*TRY IT:* Transcribe the stretch of entries below from the line with "U1: CM4102008; MODULE_CM4102008;" through the line with "D2-: U1.172 (HDMI0_TX2_N);", exactly and with both ends included; leave out all other lines.

Segment Start: RAW DATA

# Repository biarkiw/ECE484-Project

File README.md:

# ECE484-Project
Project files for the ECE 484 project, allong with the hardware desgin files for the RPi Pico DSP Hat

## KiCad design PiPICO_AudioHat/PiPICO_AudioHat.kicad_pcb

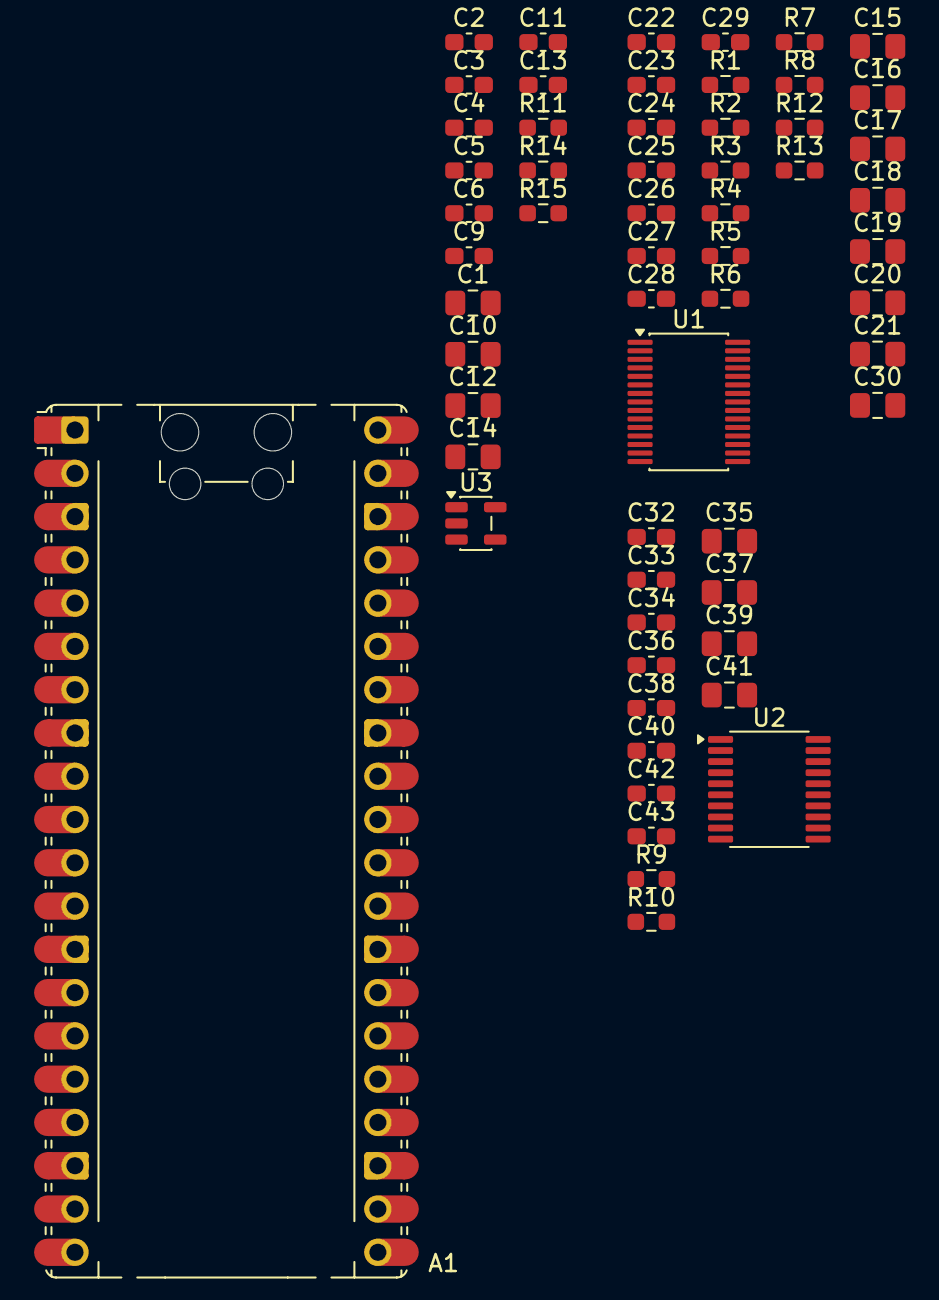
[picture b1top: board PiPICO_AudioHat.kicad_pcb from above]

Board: 2 copper layers, 59 parts (0 on the bottom side), 34 nets, no tracks yet.

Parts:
A1: RaspberryPi_Pico; RaspberryPi_Pico_Common_Unspecified
C1, C10, C12, C14, C15, C16, C17, C18, C19, C20, C21, C30, C35, C37, C39, C41: 10uF; C_0805_2012Metric_Pad1.18x1.45mm_HandSolder
C2, C3: 1uF; C_0603_1608Metric_Pad1.08x0.95mm_HandSolder
C4, C5, C6, C9, C11, C13, C34, C36, C38, C40: 0.1uF; C_0603_1608Metric_Pad1.08x0.95mm_HandSolder
C22, C23, C24, C25, C26, C27, C28, C29: 0.01uF; C_0603_1608Metric_Pad1.08x0.95mm_HandSolder
C32, C33: 2.2uF; C_0603_1608Metric_Pad1.08x0.95mm_HandSolder
C42, C43: 2.2bF; C_0603_1608Metric_Pad1.08x0.95mm_HandSolder
R1, R2, R3, R4, R5, R6, R7, R8: 100 Ohm; R_0603_1608Metric_Pad0.98x0.95mm_HandSolder
R9, R10: 470; R_0603_1608Metric_Pad0.98x0.95mm_HandSolder
R11: 1M; R_0603_1608Metric_Pad0.98x0.95mm_HandSolder
R12, R13: R_Small; R_0603_1608Metric_Pad0.98x0.95mm_HandSolder
R14, R15: 5.1k; R_0603_1608Metric_Pad0.98x0.95mm_HandSolder
U1: PCM1860DBT; TSSOP-30_4.4x7.8mm_P0.5mm
U2: PCM5101A; TSSOP-20_4.4x6.5mm_P0.65mm
U3: AP2112K-3.3; SOT-23-5

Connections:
+3.3VA: A1.35 (ADC_VREF), C9.2, C10.1, C11.2, C12.1, C13.2, C14.1, C36.1, C37.1, C38.1, C39.1, U1.8 (AVDD), U2.1 (CPVDD), U2.8 (AVDD)
+3V3: A1.39 (VSYS), C3.1, C40.1, C41.1, U1.13 (DVDD), U1.14 (IOVDD), U2.20 (DVDD), U3.5 (VOUT)
/ADC/Aud_Form: R13.2, U1.22 (MD4)
/ADC/Filt_Sel: R12.2, U1.24 (MD3)
/ADC/VIN_L1: C23.2, R1.2, U1.3 (VINL1/VIN1P)
/ADC/VIN_L2: C25.2, R3.2, U1.1 (VINL2/VIN1M)
/ADC/VIN_L3: C27.2, R5.2, U1.29 (VINL3/VIN4P)
/ADC/VIN_L4: C29.2, R7.2, U1.27 (VINL4/VIN4M)
/ADC/VIN_R1: C24.2, R2.2, U1.4 (VINR1/VIN2P)
/ADC/VIN_R2: C26.2, R4.2, U1.2 (VINR2/VIN2M)
/ADC/VIN_R3: C28.2, R6.2, U1.30 (VINR3/VIN3P)
/ADC/VIN_R4: C22.2, R8.2, U1.28 (VINR4/VIN3M)
/DAC/L_CH: C42.1, R9.2
/DAC/R_CH: C43.1, R10.2
GND: A1.3 (GND), A1.8 (GND), A1.13 (GND), A1.18 (GND), A1.23 (GND), A1.28 (GND), A1.38 (GND), C1.2, C2.2, C3.2, C34.2, C35.2, C40.2, C41.2, R11.2, R14.2, R15.2, U1.12 (DGND), U2.10 (DEMP), U2.11 (FLT), U2.16 (FMT), U2.19 (DGND), U3.2 (GND)
GNDA: A1.33 (AGND), C4.2, C5.2, C6.2, C9.1, C10.2, C11.1, C12.2, C13.1, C14.2, C22.1, C23.1, C24.1, C25.1, C26.1, C27.1, C28.1, C29.1, C32.2, C33.2, C36.2, C37.2, C38.2, C39.2, C42.2, C43.2, U1.7 (AGND), U2.2 (CAPP), U2.3 (CPGND), U2.9 (AGND)
unnamed: A1.31 (GPIO26_ADC0), C4.1
unnamed: A1.32 (GPIO27_ADC1), C5.1
unnamed: A1.34 (GPIO28_ADC2), C6.1
unnamed: C15.2, R1.1
unnamed: C16.2, R2.1
unnamed: C17.2, R3.1
unnamed: C18.2, R4.1
unnamed: C19.2, R5.1
unnamed: C20.2, R6.1
unnamed: C21.2, R7.1
unnamed: C30.2, R8.1
unnamed: C1.1, C2.1, U3.1 (VIN)
unnamed: R11.1, U3.3 (EN)
unnamed: C32.1, U2.4 (CAPM)
unnamed: C34.1, C35.1, U2.18 (LDOO)
unnamed: R9.1, U2.6 (OUTL)
unnamed: R10.1, U2.7 (OUTR)
unnamed: C33.1, U2.5 (VNEG)
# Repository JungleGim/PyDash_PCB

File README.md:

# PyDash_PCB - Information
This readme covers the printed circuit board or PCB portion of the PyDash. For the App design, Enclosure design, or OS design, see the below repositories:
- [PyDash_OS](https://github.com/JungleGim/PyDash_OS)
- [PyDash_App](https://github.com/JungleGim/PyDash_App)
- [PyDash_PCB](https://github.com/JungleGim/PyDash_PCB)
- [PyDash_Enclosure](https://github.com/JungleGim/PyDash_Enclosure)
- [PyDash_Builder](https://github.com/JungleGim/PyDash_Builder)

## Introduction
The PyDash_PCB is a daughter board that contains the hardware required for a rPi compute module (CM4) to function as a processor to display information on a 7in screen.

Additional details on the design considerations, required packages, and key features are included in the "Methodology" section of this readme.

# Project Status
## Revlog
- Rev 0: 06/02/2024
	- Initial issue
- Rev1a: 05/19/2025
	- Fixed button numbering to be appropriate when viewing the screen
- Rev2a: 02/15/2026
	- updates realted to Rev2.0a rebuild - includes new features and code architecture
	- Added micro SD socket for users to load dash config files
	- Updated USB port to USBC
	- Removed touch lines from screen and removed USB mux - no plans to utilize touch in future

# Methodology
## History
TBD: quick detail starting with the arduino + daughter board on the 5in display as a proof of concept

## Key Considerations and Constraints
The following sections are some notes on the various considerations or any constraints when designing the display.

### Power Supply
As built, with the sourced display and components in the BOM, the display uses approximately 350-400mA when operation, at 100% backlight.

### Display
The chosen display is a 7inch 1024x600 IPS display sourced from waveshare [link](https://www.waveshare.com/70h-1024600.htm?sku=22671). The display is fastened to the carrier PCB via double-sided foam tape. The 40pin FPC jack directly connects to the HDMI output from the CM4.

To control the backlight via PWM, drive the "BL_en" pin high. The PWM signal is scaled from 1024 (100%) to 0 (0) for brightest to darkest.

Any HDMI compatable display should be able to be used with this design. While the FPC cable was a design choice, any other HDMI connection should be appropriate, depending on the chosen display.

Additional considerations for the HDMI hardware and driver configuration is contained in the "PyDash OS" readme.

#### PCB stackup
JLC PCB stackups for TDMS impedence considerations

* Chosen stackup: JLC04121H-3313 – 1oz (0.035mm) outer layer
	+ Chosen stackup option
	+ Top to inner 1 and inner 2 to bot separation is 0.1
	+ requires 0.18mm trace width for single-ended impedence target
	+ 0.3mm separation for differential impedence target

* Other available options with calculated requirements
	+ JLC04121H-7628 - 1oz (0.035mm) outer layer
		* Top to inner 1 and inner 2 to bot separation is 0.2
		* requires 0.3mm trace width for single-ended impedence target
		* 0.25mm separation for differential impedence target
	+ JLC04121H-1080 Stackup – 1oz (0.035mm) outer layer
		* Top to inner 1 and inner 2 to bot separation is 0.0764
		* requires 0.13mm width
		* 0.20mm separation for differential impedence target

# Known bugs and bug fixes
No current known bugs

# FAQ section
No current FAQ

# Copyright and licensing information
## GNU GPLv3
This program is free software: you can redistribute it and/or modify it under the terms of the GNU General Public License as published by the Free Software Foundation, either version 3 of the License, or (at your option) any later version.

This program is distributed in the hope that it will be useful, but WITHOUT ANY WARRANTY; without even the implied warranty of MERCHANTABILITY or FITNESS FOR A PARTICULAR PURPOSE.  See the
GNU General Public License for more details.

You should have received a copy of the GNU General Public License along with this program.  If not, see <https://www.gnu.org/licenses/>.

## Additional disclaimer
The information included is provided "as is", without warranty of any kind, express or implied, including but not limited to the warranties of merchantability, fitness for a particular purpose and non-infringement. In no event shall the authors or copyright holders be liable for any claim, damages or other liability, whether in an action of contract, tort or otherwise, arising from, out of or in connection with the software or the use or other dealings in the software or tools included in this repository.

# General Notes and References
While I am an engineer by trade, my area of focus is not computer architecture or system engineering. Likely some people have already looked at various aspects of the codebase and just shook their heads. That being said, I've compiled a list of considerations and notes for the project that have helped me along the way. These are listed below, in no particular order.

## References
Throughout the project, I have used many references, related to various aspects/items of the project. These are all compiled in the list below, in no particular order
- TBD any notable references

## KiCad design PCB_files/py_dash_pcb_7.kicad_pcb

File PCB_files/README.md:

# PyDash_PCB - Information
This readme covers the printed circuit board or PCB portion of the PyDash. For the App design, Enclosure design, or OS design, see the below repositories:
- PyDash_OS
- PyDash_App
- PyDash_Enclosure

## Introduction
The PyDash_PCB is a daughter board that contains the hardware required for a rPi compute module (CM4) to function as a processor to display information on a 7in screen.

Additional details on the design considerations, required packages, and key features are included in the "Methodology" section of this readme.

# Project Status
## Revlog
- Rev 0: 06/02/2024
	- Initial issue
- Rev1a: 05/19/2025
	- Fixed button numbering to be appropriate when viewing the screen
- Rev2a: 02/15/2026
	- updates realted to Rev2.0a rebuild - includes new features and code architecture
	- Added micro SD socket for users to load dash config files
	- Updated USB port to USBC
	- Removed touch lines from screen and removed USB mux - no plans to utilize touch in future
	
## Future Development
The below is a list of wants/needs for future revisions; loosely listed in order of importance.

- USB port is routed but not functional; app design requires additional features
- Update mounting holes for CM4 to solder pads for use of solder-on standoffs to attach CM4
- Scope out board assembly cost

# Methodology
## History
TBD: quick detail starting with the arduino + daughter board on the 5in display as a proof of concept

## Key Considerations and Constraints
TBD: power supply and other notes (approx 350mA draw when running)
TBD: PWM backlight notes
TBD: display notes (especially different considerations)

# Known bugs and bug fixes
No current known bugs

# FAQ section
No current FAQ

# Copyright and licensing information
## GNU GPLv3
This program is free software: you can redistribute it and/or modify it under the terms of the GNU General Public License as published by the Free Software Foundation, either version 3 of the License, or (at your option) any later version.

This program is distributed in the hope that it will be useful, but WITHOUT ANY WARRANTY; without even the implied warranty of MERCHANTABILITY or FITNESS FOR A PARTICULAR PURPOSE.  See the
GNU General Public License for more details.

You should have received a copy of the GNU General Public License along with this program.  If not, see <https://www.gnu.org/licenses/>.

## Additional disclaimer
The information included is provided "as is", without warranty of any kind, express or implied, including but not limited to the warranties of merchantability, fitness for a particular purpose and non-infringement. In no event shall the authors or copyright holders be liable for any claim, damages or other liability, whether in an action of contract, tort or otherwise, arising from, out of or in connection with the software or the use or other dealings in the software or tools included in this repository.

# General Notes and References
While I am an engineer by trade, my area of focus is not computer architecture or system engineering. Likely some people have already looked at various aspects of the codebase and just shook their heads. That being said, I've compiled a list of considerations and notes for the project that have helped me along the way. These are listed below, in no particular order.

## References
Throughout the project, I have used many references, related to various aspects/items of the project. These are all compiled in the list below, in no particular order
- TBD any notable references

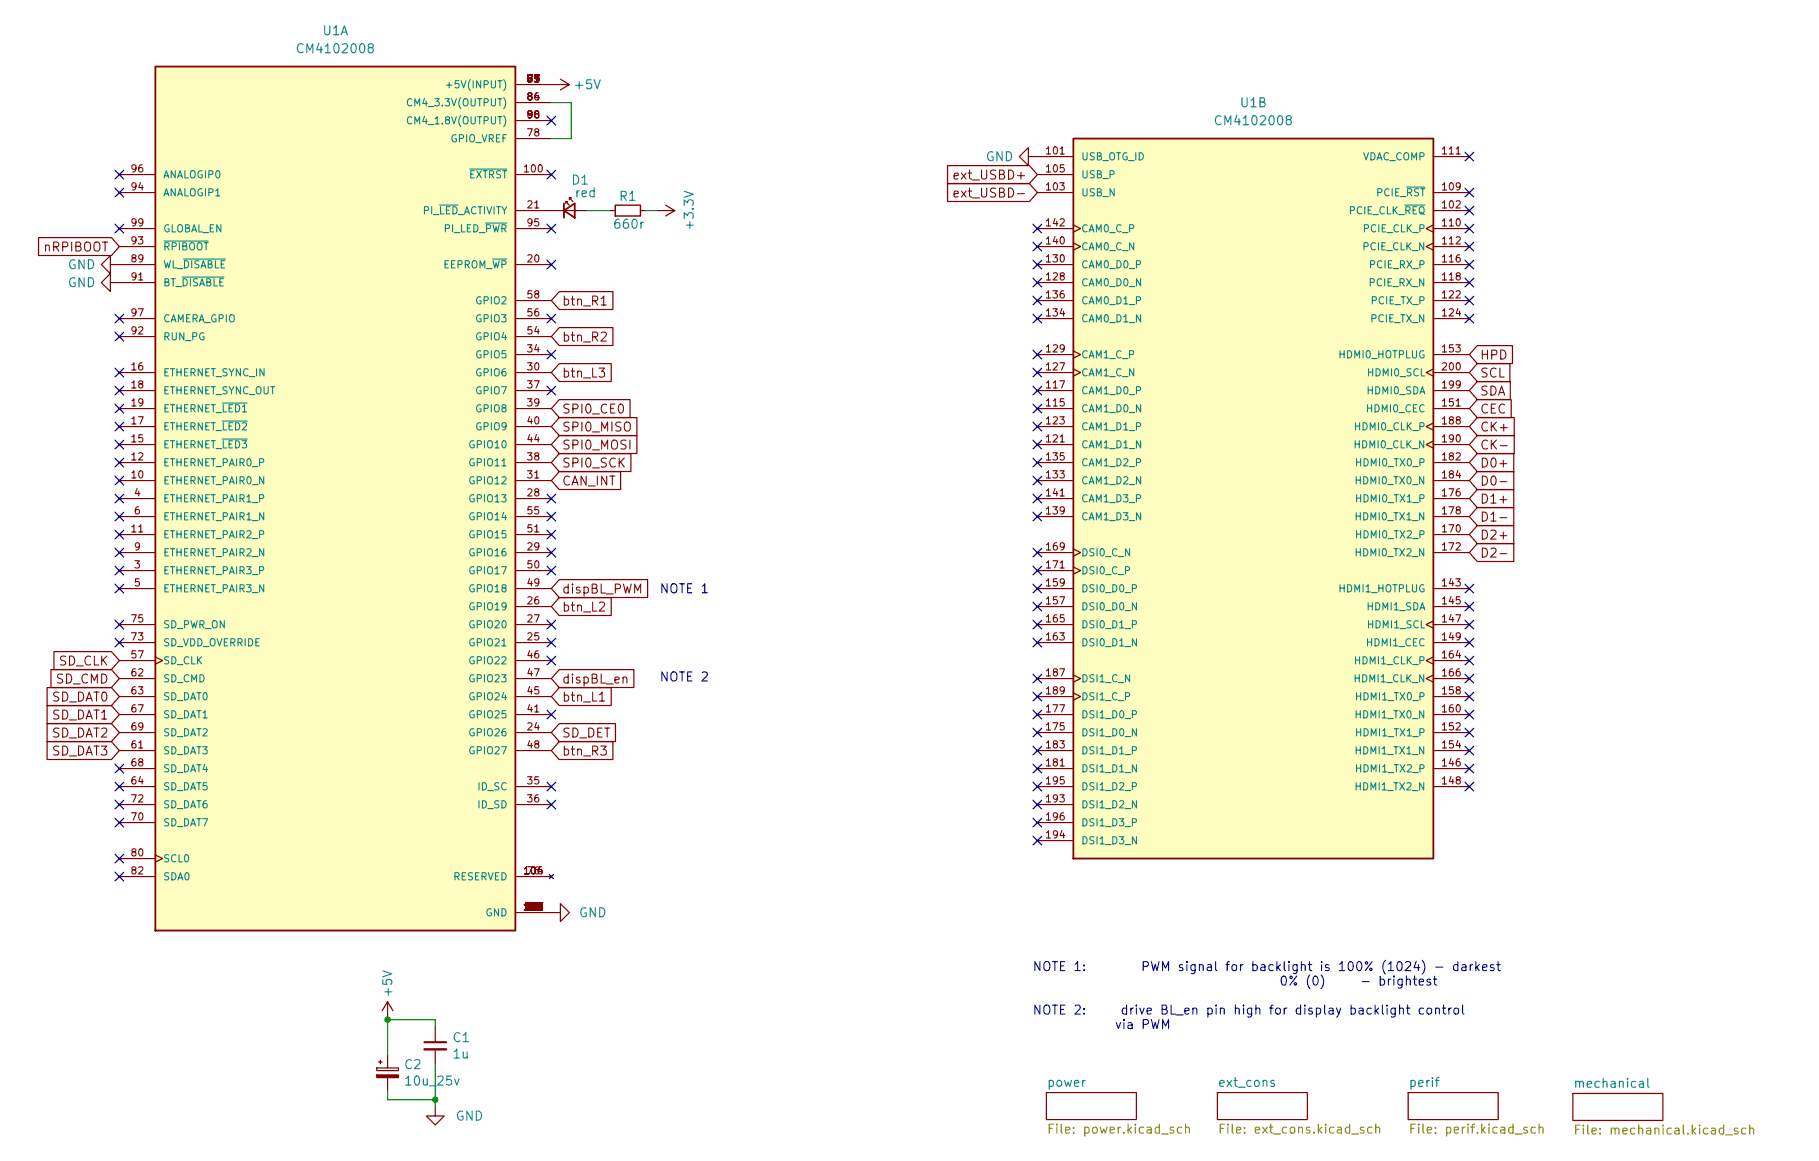
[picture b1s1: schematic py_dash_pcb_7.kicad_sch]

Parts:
C1: 1u; C_0805_2012Metric; MPN C0805C105M3RACTU
C2: 10u_25v; CP_EIA-3528-21_Kemet-B; MPN T495B106K025ATE750
D1: red; LED_0805_2012Metric; MPN 150080RS75000
R1: 660r; R_0805_2012Metric; MPN CRCW0805665RFKEA
U1: CM4102008; MODULE_CM4102008; PARTREV 2021-10-12

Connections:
+3.3V: R1.2; also elsewhere on the board
+5V: C1.1, C2.1, U1.77 (+5V(INPUT)), U1.79 (+5V(INPUT)), U1.81 (+5V(INPUT)), U1.83 (+5V(INPUT)), U1.85 (+5V(INPUT)), U1.87 (+5V(INPUT)); also elsewhere on the board
CAN_INT: U1.31 (GPIO12); also elsewhere on the board
CEC: U1.151 (HDMI0_CEC); also elsewhere on the board
CK+: U1.188 (HDMI0_CLK_P); also elsewhere on the board
CK-: U1.190 (HDMI0_CLK_N); also elsewhere on the board
D0+: U1.182 (HDMI0_TX0_P); also elsewhere on the board
D0-: U1.184 (HDMI0_TX0_N); also elsewhere on the board
D1+: U1.176 (HDMI0_TX1_P); also elsewhere on the board
D1-: U1.178 (HDMI0_TX1_N); also elsewhere on the board
D2+: U1.170 (HDMI0_TX2_P); also elsewhere on the board
D2-: U1.172 (HDMI0_TX2_N); also elsewhere on the board
GND: C1.2, C2.2, U1.1 (GND), U1.2 (GND), U1.7 (GND), U1.8 (GND), U1.13 (GND), U1.14 (GND), U1.22 (GND), U1.23 (GND), U1.32 (GND), U1.33 (GND), U1.42 (GND), U1.43 (GND), U1.52 (GND), U1.53 (GND), U1.59 (GND), U1.60 (GND), U1.65 (GND), U1.66 (GND), U1.71 (GND), U1.74 (GND), U1.89 (WL_~DISABLE), U1.91 (BT_~DISABLE), U1.98 (GND), U1.101 (USB_OTG_ID), U1.107 (GND), U1.108 (GND), U1.113 (GND), U1.114 (GND), U1.119 (GND), U1.120 (GND), U1.125 (GND), U1.126 (GND), U1.131 (GND), U1.132 (GND), U1.137 (GND), U1.138 (GND), U1.144 (GND), U1.150 (GND), U1.155 (GND), U1.156 (GND), U1.161 (GND), U1.162 (GND), U1.167 (GND), U1.168 (GND), U1.173 (GND), U1.174 (GND), U1.179 (GND), U1.180 (GND), U1.185 (GND), U1.186 (GND), U1.191 (GND), U1.192 (GND), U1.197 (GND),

Segment End: RAW DATA

*RESPONSE TO THE EXERCISE:*
U1: CM4102008; MODULE_CM4102008; PARTREV 2021-10-12

Connections:
+3.3V: R1.2; also elsewhere on the board
+5V: C1.1, C2.1, U1.77 (+5V(INPUT)), U1.79 (+5V(INPUT)), U1.81 (+5V(INPUT)), U1.83 (+5V(INPUT)), U1.85 (+5V(INPUT)), U1.87 (+5V(INPUT)); also elsewhere on the board
CAN_INT: U1.31 (GPIO12); also elsewhere on the board
CEC: U1.151 (HDMI0_CEC); also elsewhere on the board
CK+: U1.188 (HDMI0_CLK_P); also elsewhere on the board
CK-: U1.190 (HDMI0_CLK_N); also elsewhere on the board
D0+: U1.182 (HDMI0_TX0_P); also elsewhere on the board
D0-: U1.184 (HDMI0_TX0_N); also elsewhere on the board
D1+: U1.176 (HDMI0_TX1_P); also elsewhere on the board
D1-: U1.178 (HDMI0_TX1_N); also elsewhere on the board
D2+: U1.170 (HDMI0_TX2_P); also elsewhere on the board
D2-: U1.172 (HDMI0_TX2_N); also elsewhere on the board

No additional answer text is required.